• MATERIAL PROVIDED:
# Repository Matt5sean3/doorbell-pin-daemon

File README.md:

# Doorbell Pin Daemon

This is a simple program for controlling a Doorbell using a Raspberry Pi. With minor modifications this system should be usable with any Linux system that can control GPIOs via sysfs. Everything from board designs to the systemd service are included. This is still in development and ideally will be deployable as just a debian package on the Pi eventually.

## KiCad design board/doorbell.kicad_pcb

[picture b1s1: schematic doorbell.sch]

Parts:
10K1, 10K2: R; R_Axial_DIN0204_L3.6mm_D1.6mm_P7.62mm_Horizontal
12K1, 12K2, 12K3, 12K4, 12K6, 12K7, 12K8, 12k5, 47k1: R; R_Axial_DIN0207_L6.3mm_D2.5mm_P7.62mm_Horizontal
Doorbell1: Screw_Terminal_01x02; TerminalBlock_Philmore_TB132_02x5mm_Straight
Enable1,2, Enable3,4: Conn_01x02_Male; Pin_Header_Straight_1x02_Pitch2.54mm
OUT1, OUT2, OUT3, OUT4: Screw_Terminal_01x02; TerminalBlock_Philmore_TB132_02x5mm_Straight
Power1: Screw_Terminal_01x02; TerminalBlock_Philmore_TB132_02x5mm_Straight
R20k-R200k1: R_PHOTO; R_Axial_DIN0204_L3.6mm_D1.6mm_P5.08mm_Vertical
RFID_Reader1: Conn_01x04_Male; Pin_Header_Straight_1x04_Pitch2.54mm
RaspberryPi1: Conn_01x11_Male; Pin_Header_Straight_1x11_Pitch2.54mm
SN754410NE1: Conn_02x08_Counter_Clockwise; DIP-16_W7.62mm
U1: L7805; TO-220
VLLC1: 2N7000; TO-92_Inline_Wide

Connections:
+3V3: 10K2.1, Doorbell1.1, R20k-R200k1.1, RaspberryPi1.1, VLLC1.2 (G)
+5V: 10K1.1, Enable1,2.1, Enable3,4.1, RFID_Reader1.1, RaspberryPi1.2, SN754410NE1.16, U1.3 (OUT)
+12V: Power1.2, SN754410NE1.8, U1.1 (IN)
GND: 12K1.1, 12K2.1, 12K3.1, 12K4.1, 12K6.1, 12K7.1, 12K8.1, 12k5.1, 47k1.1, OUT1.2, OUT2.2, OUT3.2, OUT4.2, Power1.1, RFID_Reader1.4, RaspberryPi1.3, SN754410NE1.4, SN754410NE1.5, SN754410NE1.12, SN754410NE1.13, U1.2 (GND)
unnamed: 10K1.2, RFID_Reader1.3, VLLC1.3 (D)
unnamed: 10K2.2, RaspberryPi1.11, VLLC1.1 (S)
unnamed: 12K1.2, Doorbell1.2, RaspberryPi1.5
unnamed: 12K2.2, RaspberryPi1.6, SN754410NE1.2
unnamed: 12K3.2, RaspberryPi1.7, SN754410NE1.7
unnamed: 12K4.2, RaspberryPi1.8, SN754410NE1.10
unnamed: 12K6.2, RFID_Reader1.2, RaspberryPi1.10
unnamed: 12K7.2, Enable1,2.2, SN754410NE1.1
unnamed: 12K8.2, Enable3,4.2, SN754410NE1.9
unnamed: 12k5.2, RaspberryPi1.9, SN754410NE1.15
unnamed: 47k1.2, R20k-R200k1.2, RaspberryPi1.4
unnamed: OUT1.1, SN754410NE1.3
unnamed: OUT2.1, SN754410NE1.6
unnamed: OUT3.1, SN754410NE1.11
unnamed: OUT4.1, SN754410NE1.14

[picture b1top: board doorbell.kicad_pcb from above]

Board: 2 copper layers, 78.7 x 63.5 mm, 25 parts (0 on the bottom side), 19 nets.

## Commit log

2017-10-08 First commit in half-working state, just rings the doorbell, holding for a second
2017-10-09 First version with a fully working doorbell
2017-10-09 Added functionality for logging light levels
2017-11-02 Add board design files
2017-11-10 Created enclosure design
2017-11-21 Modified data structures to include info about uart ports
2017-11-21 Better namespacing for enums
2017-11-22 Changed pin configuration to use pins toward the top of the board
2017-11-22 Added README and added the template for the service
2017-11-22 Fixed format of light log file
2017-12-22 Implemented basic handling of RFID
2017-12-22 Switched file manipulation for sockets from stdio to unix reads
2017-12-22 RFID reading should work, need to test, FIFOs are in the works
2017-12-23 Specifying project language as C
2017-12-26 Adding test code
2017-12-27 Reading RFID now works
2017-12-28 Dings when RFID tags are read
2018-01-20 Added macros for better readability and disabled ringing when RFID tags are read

• ABOUT THIS EXERCISE:
The answer must consist of every line from the listing above that includes the word "test".

• RESULT:
2017-12-22 RFID reading should work, need to test, FIFOs are in the works
2017-12-26 Adding test code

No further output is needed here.